→ **Exercise brief**: Would you please transcribe the records below from the line with "- U1 pad 33: Net-(U1-Pad33) -> /Vtemp2" through their final line, exactly and with no other lines?

Dataset records
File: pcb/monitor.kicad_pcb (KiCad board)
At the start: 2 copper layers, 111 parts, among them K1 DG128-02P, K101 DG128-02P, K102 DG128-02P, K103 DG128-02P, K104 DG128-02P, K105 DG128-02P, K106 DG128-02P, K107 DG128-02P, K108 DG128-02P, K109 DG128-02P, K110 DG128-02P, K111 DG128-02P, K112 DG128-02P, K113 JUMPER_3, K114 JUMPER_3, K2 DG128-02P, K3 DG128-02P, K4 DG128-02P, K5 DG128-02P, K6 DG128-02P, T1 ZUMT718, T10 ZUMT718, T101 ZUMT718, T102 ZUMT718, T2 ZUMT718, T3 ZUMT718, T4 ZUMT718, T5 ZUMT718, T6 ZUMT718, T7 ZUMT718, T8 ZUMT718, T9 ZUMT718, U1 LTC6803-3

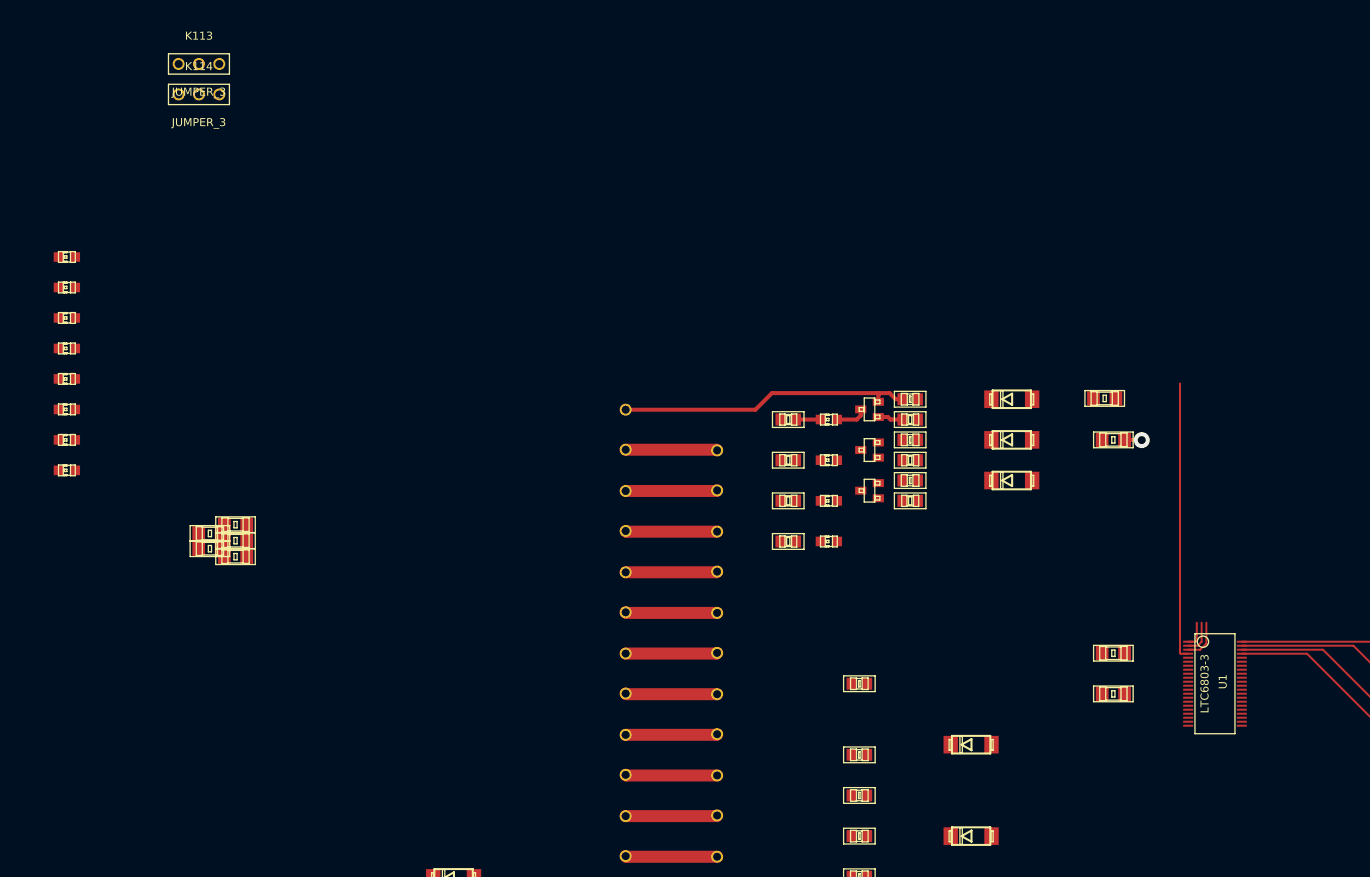
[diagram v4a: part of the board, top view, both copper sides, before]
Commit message: Change to 4 layer design
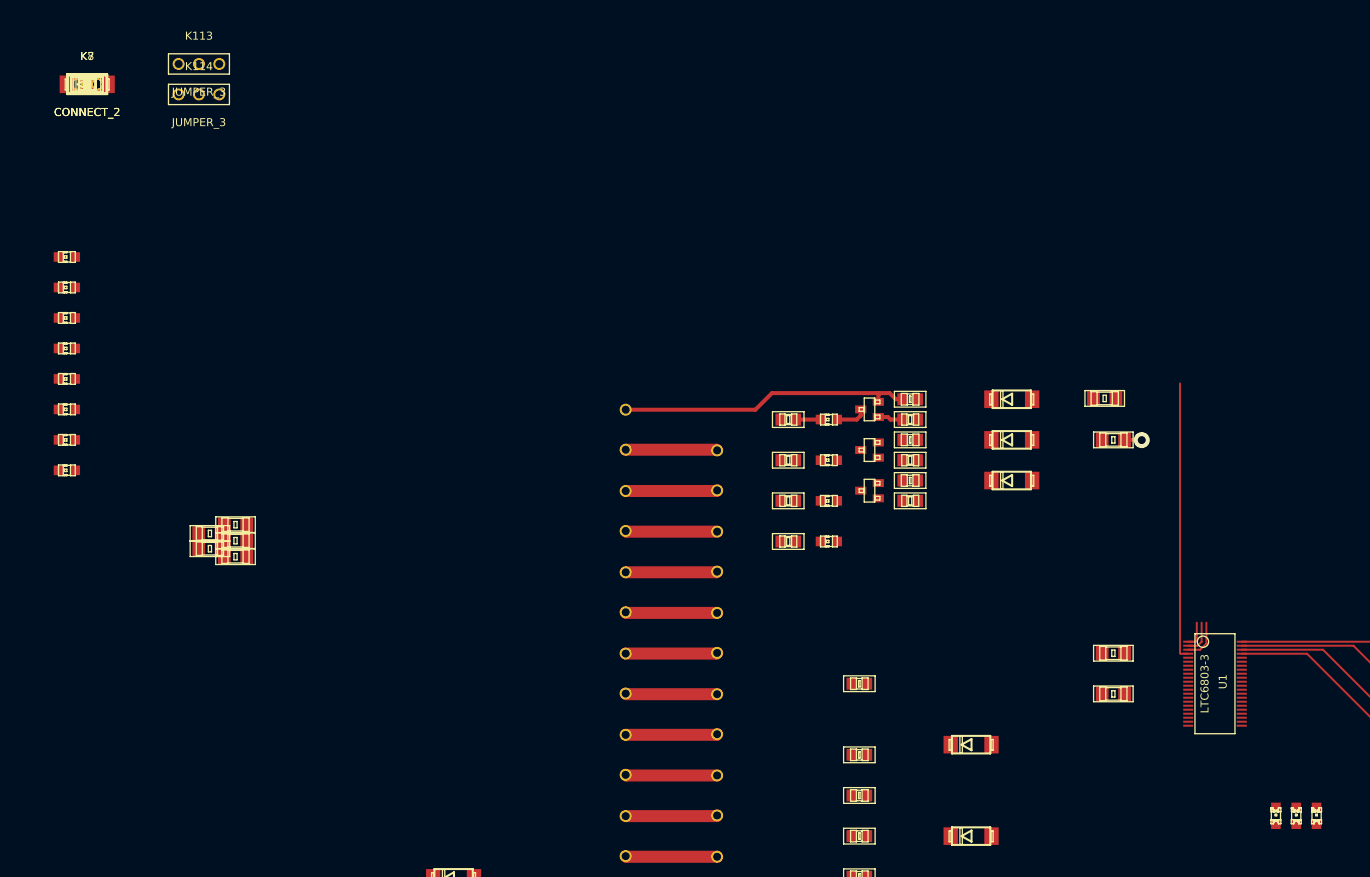
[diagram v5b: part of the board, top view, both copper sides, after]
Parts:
- added C1: 100n, oshec_rcl:rcl-C0805, F.Cu at (0.00, 0.00)
- added D4: CMHZ5265B, oshec_diode:diode-1-DO214AA, F.Cu at (0.00, 0.00)
- added K7, K8: CONNECT_2, Aalto_connect:CONNECT_2_2mm54_VERT, F.Cu at (0.00, 0.00)
- added L1: BLM31PG330SN1L, oshec_rcl:rcl-L1206, F.Cu at (0.00, 0.00)
- added LD13: LEDCHIPLED_0805, led-CHIPLED_0805, F.Cu at (153.7, 91.4)
- added LD14: LEDCHIPLED_0805, led-CHIPLED_0805, F.Cu at (151.1, 91.4)
- added LD15: LEDCHIPLED_0805, led-CHIPLED_0805, F.Cu at (148.6, 91.4)
- added R25, R26, R27: 220, oshec_rcl:rcl-R0805, F.Cu at (0.00, 0.00)
- added R28, R29: 200k, oshec_rcl:rcl-R0805, F.Cu at (0.00, 0.00)
- added R30, R31: 100, oshec_rcl:rcl-R0805, F.Cu at (0.00, 0.00)
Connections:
- K6 pad 2: /BATT1- -> GND
- R24 pad 2: /BATT1- -> GND
- T5 pad E: /BATT12+ -> /BATT6+
- U1 pad 30: GND -> /V-
- U1 pad 32: Net-(U1-Pad32) -> /Vtemp1
- U1 pad 33: Net-(U1-Pad33) -> /Vtemp2
- U1 pad 34: Net-(U1-Pad34) -> /Vref
- U1 pad 37: Net-(U1-Pad37) -> /WDTB
- U1 pad 38: Net-(U1-Pad38) -> /GPIO1
- U1 pad 39: Net-(U1-Pad39) -> /GPIO2
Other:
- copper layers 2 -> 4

→ **Solution**:
- U1 pad 33: Net-(U1-Pad33) -> /Vtemp2
- U1 pad 34: Net-(U1-Pad34) -> /Vref
- U1 pad 37: Net-(U1-Pad37) -> /WDTB
- U1 pad 38: Net-(U1-Pad38) -> /GPIO1
- U1 pad 39: Net-(U1-Pad39) -> /GPIO2
Other:
- copper layers 2 -> 4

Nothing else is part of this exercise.